[llvm-dev] [RFC] IR-level Region Annotations

Fri Jan 20 10:45:15 PST 2017

In the case,   "val" is shared per OpenMP language rule. There is no privatization needed.    %val is on the stack of master,  to share %val among all threads,  &val is passed to the outlined function. 

void main() {
  int val;
  #pragma omp parallel num_threads(4)
  {
    // Really bad naming, won't pass code review. :)
    compute_something_into_val(&val, omp_get_thread_num());
  }
}

The IR would be. 

{ void main() {
  i32* val = alloca i32
   tok = llvm.experimental.intrinsic_a()[ "DIR.PARALLEL"(), "QUAL.SHARED"(i32* %val), "QUAL.NUM_THREADS"(i32 4)
      %1 = omp_get_thread_num();
      compute_something_into_val(%val, %1);
   llvm.experimental.intrinsic_b(tok)["DIR.END.PARALLEL"()];
}

Xinmin

-----Original Message-----
From: Sanjoy Das [mailto:sanjoy at playingwithpointers.com]
Sent: Thursday, January 19, 2017 11:40 PM
To: Tian, Xinmin <xinmin.tian at intel.com>
Cc: Adve, Vikram Sadanand <vadve at illinois.edu>; llvm-dev-request at lists.llvm.org
Subject: Re: [llvm-dev] [RFC] IR-level Region Annotations

On Thu, Jan 19, 2017 at 11:27 PM, Sanjoy Das <sanjoy at playingwithpointers.com> wrote:
> Hi Xinmin,
>
> On Thu, Jan 19, 2017 at 11:20 PM, Tian, Xinmin <xinmin.tian at intel.com> wrote:
>> Sanjoy, the IR would be like something below. It is ok to hoist alloca instruction outside the region. There are some small changes in optimizer to understand region-annotation intrinsic.
>>
>> { void main() {
>>   i32* val = alloca i32
>>   tok = llvm.experimental.intrinsic_a()[ "DIR.PARALLEL"(),
>> "QUAL.PRIVATE"(i32* val), "QUAL.NUM_THREADS"(i32 4)]
>>
>>   int i = omp_get_thread_num();
>>   compute_something_into_val(val, i);
>>   a[i] = val;
>>
>>   llvm.experimental.intrinsic_b(tok)["DIR.END.PARALLEL"()];
>> }
>>
>> With above representation, we can do privatization and outlining as 
>> below
>>
>> { void main() {
>>   i32* val = alloca i32
>>   i32* I = alloca 32
>>   tok = llvm.experimental.intrinsic_a()[ "DIR.PARALLEL"(),
>> "QUAL.PRIVATE"(i32* %val, i32 %i), "QUAL.NUM_THREADS"(i32 4)]
>>
>>   %ii = omp_get_thread_num();
>>   compute_something_into_val(%val, %i);
>>   a[i] = %val;
>>
>>   llvm.experimental.intrinsic_b(tok)["DIR.END.PARALLEL"()];
>> }
>>
>> 1. create i32* priv_val = alloca i32  %priv_i = ...in the region, and replace all  %val with %prv_val in the region.
>> 2. perform outlining.
>
> But then what if compute_something_into_val is
>
> void compute_something_into_val(i32* ptr, i32 idx) {
>   static i32* cookie = null;
>   lock_mutex();
>   if (cookie == null)
>     cookie = ptr
>   else
>     assert(cookie == ptr);
>   unlock_mutex();
>   // don't write to ptr, so there is no race }
>
> In other words, how do you differentiate between the hoisted-alloca 
> situation arising due to a hoist vs. arising because that's what the 
> programmer intended (and you're required to pass in the same address 
> to each call into compute_something_into_val)?

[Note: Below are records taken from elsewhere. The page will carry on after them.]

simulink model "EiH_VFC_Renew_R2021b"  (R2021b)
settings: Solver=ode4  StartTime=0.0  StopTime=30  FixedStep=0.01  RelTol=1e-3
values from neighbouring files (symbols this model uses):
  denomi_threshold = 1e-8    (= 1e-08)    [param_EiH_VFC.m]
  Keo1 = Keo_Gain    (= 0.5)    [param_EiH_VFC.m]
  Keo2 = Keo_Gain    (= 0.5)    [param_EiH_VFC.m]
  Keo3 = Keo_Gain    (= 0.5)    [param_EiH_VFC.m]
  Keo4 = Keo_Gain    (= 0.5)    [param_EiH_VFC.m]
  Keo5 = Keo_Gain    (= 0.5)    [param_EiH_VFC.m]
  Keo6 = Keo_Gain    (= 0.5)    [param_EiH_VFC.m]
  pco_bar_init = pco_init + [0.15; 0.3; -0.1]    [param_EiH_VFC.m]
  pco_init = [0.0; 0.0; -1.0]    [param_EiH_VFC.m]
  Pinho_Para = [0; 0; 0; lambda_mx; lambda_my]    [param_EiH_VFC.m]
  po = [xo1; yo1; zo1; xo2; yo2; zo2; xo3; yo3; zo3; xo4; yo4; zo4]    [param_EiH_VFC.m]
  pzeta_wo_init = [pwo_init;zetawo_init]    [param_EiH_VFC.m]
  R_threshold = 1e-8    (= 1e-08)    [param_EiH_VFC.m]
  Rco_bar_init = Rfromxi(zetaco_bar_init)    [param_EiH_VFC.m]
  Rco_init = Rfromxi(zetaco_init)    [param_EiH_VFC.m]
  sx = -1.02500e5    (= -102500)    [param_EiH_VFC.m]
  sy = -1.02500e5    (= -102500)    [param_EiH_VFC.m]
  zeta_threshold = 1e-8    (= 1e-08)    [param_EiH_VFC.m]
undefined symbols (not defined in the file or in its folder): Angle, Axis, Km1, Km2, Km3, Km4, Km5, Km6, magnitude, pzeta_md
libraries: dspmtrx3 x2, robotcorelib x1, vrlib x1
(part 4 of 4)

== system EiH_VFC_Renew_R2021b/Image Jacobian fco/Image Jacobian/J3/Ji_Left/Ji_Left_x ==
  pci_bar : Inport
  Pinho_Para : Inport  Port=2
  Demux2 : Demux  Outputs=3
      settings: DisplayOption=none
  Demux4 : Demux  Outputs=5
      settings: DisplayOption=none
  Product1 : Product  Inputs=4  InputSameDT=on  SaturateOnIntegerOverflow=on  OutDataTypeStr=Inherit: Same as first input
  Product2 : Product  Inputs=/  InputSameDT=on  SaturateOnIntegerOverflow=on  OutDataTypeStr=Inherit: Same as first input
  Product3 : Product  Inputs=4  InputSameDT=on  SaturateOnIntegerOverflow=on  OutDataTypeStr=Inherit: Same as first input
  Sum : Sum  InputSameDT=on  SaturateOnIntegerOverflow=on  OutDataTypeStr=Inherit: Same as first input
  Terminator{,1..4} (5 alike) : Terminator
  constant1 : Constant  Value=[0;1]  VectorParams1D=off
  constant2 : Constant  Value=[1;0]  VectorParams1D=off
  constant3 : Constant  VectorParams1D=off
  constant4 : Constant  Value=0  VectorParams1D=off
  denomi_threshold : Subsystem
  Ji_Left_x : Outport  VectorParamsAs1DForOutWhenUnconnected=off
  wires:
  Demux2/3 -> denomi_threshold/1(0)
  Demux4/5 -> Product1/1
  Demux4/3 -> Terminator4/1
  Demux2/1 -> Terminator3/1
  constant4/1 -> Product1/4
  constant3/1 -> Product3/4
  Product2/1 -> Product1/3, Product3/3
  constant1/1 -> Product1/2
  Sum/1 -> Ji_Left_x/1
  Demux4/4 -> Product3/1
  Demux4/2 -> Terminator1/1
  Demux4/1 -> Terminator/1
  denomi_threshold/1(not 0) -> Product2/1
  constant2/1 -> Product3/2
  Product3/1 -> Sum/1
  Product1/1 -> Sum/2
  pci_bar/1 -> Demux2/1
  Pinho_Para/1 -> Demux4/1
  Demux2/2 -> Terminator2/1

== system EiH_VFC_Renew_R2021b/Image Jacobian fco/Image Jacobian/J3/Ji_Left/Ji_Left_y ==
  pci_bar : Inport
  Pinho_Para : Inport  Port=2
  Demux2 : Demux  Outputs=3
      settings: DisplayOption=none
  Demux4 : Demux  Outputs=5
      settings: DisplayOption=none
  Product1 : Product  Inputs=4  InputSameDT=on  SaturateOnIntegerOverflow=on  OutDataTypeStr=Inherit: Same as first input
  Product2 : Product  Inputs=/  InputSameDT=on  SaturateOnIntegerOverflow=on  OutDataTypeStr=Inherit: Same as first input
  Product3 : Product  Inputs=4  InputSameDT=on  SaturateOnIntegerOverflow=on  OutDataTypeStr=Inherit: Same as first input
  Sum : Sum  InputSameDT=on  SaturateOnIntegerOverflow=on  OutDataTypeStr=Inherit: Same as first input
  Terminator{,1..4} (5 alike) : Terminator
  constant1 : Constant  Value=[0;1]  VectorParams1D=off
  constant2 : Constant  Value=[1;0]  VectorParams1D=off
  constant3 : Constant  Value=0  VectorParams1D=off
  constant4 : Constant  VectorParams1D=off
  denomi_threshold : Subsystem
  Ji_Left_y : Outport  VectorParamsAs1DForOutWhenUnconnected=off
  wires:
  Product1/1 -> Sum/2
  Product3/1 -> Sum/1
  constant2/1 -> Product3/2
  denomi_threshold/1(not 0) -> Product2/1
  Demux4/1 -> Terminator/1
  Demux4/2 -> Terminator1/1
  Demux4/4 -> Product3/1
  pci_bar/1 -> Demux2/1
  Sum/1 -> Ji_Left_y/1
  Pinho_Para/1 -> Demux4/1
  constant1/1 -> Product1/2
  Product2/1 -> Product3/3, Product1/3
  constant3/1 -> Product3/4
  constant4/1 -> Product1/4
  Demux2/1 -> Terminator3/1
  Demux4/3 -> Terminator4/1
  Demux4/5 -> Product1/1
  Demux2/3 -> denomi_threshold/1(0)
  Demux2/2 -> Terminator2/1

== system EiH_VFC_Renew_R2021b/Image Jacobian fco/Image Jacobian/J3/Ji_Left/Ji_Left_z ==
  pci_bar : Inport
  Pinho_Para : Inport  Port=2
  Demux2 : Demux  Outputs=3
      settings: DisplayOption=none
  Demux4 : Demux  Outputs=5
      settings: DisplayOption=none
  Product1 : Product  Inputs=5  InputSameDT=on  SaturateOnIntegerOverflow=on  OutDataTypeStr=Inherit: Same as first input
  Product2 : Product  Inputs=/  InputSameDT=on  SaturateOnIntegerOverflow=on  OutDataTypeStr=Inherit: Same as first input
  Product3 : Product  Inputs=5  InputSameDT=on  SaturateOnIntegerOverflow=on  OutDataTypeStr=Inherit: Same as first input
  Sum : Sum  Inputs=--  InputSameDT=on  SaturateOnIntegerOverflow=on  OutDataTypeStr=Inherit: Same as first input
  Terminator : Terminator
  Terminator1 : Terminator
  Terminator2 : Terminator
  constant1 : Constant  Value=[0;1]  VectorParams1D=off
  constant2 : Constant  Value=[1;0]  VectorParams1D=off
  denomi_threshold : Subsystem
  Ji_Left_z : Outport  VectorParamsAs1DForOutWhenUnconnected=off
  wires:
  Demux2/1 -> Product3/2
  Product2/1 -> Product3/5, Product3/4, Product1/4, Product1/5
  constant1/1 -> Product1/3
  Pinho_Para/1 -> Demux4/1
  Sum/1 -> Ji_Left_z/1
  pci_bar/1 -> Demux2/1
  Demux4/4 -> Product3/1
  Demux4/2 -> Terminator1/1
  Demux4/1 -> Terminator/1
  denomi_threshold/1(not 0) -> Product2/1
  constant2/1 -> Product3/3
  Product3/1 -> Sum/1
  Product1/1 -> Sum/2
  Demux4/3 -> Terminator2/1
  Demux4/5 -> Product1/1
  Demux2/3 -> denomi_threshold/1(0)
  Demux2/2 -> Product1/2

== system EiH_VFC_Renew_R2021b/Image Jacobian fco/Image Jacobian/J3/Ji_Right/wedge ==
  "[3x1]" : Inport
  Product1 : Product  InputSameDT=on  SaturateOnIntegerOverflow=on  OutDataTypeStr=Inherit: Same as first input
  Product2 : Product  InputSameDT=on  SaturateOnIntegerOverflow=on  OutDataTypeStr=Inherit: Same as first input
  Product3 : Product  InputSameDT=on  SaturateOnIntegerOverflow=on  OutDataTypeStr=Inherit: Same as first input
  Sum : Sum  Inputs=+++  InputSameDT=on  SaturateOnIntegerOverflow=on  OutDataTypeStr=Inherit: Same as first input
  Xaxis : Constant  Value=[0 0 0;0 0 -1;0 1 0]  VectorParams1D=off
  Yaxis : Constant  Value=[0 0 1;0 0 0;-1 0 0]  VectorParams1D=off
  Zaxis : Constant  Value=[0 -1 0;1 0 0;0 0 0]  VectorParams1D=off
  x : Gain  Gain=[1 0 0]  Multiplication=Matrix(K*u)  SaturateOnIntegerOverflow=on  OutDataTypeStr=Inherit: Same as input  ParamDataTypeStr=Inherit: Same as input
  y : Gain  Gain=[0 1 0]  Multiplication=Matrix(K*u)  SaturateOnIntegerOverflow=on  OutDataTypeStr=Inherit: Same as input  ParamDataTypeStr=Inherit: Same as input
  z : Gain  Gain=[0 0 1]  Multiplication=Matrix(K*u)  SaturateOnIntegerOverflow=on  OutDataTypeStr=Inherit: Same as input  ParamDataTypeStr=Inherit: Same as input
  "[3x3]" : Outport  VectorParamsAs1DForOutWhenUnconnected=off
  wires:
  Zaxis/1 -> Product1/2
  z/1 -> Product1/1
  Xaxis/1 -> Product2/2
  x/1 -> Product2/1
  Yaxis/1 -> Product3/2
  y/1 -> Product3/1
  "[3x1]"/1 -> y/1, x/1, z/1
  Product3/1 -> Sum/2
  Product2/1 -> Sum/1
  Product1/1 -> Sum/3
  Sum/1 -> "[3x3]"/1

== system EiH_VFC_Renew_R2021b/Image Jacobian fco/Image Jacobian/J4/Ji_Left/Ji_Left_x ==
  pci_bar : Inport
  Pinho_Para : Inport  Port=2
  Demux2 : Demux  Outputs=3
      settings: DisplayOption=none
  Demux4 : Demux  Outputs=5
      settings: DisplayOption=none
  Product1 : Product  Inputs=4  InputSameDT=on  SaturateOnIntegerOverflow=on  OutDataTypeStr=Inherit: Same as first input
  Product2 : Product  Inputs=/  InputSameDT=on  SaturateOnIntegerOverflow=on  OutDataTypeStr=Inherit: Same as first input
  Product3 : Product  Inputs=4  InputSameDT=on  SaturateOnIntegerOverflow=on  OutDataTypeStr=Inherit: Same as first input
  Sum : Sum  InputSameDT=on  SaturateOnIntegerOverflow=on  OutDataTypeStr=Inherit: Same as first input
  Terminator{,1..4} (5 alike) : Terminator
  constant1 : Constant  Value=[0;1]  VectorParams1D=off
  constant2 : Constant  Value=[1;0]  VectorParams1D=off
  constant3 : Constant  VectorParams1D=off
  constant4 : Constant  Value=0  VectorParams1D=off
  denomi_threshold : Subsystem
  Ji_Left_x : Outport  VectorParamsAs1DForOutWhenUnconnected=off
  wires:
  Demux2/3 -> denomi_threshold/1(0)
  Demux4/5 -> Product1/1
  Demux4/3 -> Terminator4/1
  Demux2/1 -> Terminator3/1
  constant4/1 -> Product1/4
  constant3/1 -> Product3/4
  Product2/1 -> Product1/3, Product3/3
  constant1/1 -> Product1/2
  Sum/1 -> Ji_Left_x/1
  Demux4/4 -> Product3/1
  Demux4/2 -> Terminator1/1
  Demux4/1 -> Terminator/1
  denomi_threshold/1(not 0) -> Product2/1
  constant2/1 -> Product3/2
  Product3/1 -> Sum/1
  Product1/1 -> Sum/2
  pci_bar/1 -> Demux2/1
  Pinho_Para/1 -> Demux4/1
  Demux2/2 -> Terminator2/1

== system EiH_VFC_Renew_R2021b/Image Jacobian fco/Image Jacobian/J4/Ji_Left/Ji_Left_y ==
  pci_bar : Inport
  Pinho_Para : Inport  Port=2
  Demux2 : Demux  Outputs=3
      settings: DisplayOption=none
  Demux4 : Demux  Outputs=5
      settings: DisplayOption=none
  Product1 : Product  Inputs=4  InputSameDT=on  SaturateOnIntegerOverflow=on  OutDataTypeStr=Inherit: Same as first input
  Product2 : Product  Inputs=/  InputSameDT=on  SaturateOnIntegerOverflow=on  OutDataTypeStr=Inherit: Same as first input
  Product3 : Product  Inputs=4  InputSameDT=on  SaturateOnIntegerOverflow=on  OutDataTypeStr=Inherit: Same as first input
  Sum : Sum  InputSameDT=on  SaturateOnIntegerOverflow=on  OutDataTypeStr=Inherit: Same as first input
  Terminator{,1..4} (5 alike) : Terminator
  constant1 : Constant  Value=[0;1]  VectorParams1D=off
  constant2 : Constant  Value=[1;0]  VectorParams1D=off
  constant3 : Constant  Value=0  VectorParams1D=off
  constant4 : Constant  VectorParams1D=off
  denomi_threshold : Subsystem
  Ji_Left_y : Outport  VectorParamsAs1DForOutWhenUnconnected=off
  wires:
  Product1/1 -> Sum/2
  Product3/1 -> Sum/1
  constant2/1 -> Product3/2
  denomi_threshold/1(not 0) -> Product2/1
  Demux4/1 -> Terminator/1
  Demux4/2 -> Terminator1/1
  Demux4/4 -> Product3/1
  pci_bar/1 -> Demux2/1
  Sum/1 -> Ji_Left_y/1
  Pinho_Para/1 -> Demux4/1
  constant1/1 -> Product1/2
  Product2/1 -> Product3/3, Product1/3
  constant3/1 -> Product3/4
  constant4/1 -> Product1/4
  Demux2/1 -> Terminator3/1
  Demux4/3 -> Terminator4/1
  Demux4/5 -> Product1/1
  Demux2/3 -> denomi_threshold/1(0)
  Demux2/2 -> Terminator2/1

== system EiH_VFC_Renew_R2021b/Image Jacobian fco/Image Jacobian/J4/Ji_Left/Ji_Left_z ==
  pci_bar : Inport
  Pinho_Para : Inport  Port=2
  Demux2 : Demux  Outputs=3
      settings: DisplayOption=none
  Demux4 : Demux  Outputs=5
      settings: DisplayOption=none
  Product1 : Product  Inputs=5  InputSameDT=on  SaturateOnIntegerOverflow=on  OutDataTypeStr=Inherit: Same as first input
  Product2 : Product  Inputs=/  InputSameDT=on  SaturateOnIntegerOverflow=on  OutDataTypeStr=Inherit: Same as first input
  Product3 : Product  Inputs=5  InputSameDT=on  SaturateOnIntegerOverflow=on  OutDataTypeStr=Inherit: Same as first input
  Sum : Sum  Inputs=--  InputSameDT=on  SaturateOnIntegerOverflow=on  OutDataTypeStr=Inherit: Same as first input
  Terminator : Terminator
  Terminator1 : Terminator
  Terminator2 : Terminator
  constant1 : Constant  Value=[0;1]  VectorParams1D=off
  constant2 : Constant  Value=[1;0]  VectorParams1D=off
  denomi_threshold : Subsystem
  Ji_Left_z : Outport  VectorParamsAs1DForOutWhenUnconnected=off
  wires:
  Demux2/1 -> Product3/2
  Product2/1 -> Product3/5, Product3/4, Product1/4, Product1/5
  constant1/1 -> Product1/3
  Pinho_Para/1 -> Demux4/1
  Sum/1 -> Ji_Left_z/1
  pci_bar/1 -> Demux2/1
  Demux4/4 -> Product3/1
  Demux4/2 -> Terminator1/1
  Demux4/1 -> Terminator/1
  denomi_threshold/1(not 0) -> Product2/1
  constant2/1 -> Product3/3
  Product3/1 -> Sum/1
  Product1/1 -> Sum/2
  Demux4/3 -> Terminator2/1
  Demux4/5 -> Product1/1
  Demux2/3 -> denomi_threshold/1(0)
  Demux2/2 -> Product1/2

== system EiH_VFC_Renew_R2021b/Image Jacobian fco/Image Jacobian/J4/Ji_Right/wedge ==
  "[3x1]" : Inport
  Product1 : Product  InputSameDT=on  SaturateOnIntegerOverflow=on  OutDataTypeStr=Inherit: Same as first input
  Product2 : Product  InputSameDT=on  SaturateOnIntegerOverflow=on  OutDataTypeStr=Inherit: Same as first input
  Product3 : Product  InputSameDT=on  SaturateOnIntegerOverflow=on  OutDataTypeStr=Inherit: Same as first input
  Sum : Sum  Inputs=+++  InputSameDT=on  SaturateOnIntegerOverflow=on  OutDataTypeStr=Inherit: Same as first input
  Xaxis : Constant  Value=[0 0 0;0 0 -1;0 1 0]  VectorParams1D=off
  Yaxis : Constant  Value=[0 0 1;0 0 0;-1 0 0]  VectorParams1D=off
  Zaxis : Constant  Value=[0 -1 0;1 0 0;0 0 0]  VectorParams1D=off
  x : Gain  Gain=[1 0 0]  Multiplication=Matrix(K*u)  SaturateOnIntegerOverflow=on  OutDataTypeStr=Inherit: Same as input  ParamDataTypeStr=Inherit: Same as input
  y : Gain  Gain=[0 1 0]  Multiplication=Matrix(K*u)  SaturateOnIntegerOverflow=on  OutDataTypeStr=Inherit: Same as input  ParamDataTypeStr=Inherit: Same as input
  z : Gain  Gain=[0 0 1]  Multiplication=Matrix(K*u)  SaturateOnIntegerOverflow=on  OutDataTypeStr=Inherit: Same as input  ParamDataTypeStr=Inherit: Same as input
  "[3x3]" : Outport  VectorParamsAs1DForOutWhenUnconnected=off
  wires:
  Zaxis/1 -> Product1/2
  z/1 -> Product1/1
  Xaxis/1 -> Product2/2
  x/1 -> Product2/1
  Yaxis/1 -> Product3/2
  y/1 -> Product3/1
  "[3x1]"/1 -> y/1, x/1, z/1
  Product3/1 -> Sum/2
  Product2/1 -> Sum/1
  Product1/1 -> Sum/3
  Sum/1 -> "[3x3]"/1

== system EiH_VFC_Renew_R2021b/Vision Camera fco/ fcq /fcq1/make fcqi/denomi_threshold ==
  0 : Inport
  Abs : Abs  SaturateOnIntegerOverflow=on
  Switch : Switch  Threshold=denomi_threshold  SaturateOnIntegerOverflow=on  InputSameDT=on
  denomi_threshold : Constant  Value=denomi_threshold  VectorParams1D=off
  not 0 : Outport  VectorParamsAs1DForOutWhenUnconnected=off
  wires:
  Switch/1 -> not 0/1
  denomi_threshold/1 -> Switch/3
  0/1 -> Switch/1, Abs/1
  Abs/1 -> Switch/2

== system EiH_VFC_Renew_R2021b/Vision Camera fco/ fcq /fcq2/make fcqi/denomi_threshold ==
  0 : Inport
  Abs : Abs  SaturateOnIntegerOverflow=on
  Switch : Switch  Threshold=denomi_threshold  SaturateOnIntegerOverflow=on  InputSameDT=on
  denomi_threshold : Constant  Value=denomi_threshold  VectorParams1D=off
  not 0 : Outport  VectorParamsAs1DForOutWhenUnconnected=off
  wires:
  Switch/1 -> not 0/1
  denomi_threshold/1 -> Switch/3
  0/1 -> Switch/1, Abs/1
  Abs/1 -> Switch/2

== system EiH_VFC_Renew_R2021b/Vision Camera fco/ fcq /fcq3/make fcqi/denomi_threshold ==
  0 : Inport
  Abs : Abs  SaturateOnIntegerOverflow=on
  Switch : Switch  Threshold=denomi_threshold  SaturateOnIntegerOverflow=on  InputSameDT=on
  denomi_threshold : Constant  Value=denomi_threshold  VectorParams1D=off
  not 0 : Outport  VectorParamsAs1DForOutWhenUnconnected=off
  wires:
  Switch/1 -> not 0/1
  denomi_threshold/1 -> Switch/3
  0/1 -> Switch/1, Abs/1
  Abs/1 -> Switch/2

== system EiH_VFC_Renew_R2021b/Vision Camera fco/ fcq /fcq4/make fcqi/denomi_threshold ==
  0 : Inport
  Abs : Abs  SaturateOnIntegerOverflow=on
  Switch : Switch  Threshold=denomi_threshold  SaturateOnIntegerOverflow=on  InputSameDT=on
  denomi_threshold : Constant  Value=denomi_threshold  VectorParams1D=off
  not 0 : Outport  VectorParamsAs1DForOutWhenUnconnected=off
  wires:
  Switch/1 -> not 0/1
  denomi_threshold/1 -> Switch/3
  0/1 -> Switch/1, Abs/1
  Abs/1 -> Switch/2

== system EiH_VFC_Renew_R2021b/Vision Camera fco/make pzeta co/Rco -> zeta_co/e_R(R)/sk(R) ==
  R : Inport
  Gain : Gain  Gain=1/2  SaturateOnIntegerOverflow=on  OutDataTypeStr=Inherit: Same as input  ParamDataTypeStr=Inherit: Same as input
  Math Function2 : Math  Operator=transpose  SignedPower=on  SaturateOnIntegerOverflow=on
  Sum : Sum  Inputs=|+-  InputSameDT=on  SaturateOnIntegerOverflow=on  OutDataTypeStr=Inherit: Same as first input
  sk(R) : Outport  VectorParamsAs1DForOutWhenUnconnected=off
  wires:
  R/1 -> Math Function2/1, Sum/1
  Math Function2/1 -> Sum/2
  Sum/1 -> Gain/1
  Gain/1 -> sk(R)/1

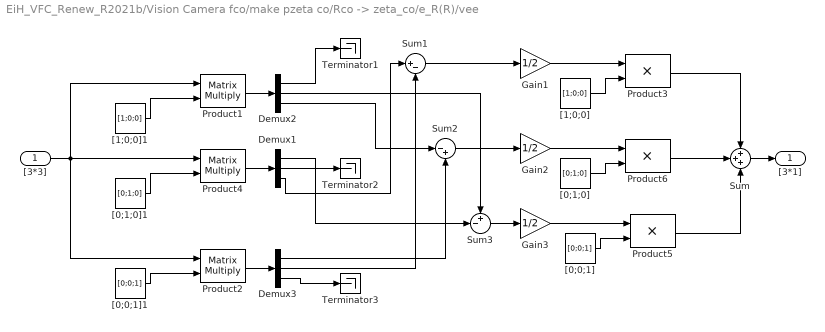
== system EiH_VFC_Renew_R2021b/Vision Camera fco/make pzeta co/Rco -> zeta_co/e_R(R)/vee ==
  "[3*3]" : Inport
  Demux1 : Demux  Outputs=3
      settings: DisplayOption=none
  Demux2 : Demux  Outputs=3
      settings: DisplayOption=none
  Demux3 : Demux  Outputs=3
      settings: DisplayOption=none
  Gain1 : Gain  Gain=1/2  SaturateOnIntegerOverflow=on  OutDataTypeStr=Inherit: Same as input  ParamDataTypeStr=Inherit: Same as input
  Gain2 : Gain  Gain=1/2  SaturateOnIntegerOverflow=on  OutDataTypeStr=Inherit: Same as input  ParamDataTypeStr=Inherit: Same as input
  Gain3 : Gain  Gain=1/2  SaturateOnIntegerOverflow=on  OutDataTypeStr=Inherit: Same as input  ParamDataTypeStr=Inherit: Same as input
  Product1 : Product  Multiplication=Matrix(*)  InputSameDT=on  SaturateOnIntegerOverflow=on  OutDataTypeStr=Inherit: Same as first input
  Product2 : Product  Multiplication=Matrix(*)  InputSameDT=on  SaturateOnIntegerOverflow=on  OutDataTypeStr=Inherit: Same as first input
  Product3 : Product  InputSameDT=on  SaturateOnIntegerOverflow=on  OutDataTypeStr=Inherit: Same as first input
  Product4 : Product  Multiplication=Matrix(*)  InputSameDT=on  SaturateOnIntegerOverflow=on  OutDataTypeStr=Inherit: Same as first input
  Product5 : Product  InputSameDT=on  SaturateOnIntegerOverflow=on  OutDataTypeStr=Inherit: Same as first input
  Product6 : Product  InputSameDT=on  SaturateOnIntegerOverflow=on  OutDataTypeStr=Inherit: Same as first input
  Sum : Sum  Inputs=+++  InputSameDT=on  SaturateOnIntegerOverflow=on  OutDataTypeStr=Inherit: Same as first input
  Sum1 : Sum  Inputs=|+-  InputSameDT=on  SaturateOnIntegerOverflow=on  OutDataTypeStr=Inherit: Same as first input
  Sum2 : Sum  Inputs=|-+  InputSameDT=on  SaturateOnIntegerOverflow=on  OutDataTypeStr=Inherit: Same as first input
  Sum3 : Sum  Inputs=+-|  InputSameDT=on  SaturateOnIntegerOverflow=on  OutDataTypeStr=Inherit: Same as first input
  Terminator1 : Terminator
  Terminator2 : Terminator
  Terminator3 : Terminator
  "[0;0;1]" : Constant  Value=[0;0;1]  VectorParams1D=off
  "[0;0;1]1" : Constant  Value=[0;0;1]  VectorParams1D=off
  "[0;1;0]" : Constant  Value=[0;1;0]  VectorParams1D=off
  "[0;1;0]1" : Constant  Value=[0;1;0]  VectorParams1D=off
  "[1;0;0]" : Constant  Value=[1;0;0]  VectorParams1D=off
  "[1;0;0]1" : Constant  Value=[1;0;0]  VectorParams1D=off
  "[3*1]" : Outport  VectorParamsAs1DForOutWhenUnconnected=off
  wires:
  "[3*3]"/1 -> Product2/1, Product1/1, Product4/1
  "[0;1;0]1"/1 -> Product4/2
  Product4/1 -> Demux1/1
  Demux1/2 -> Terminator2/1
  Demux1/3 -> Sum1/1
  "[1;0;0]1"/1 -> Product1/2
  Product1/1 -> Demux2/1
  Demux2/1 -> Terminator1/1
  "[0;0;1]1"/1 -> Product2/2
  Product2/1 -> Demux3/1
  Demux3/3 -> Terminator3/1
  Demux3/1 -> Sum2/2
  "[1;0;0]"/1 -> Product3/2
  "[0;1;0]"/1 -> Product6/2
  "[0;0;1]"/1 -> Product5/2
  Product6/1 -> Sum/2
  Product5/1 -> Sum/3
  Product3/1 -> Sum/1
  Sum/1 -> "[3*1]"/1
  Sum1/1 -> Gain1/1
  Gain1/1 -> Product3/1
  Demux3/2 -> Sum1/2
  Gain2/1 -> Product6/1
  Gain3/1 -> Product5/1
  Demux2/3 -> Sum2/1
  Sum2/1 -> Gain2/1
  Sum3/1 -> Gain3/1
  Demux2/2 -> Sum3/1
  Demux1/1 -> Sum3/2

Just to be a 100% clear, the source program in the latter case would have to be:

void main() {
  int val;
  #pragma omp parallel num_threads(4)
  {
    // Really bad naming, won't pass code review. :)
    compute_something_into_val(&val, omp_get_thread_num());
  }
}

-- Sanjoy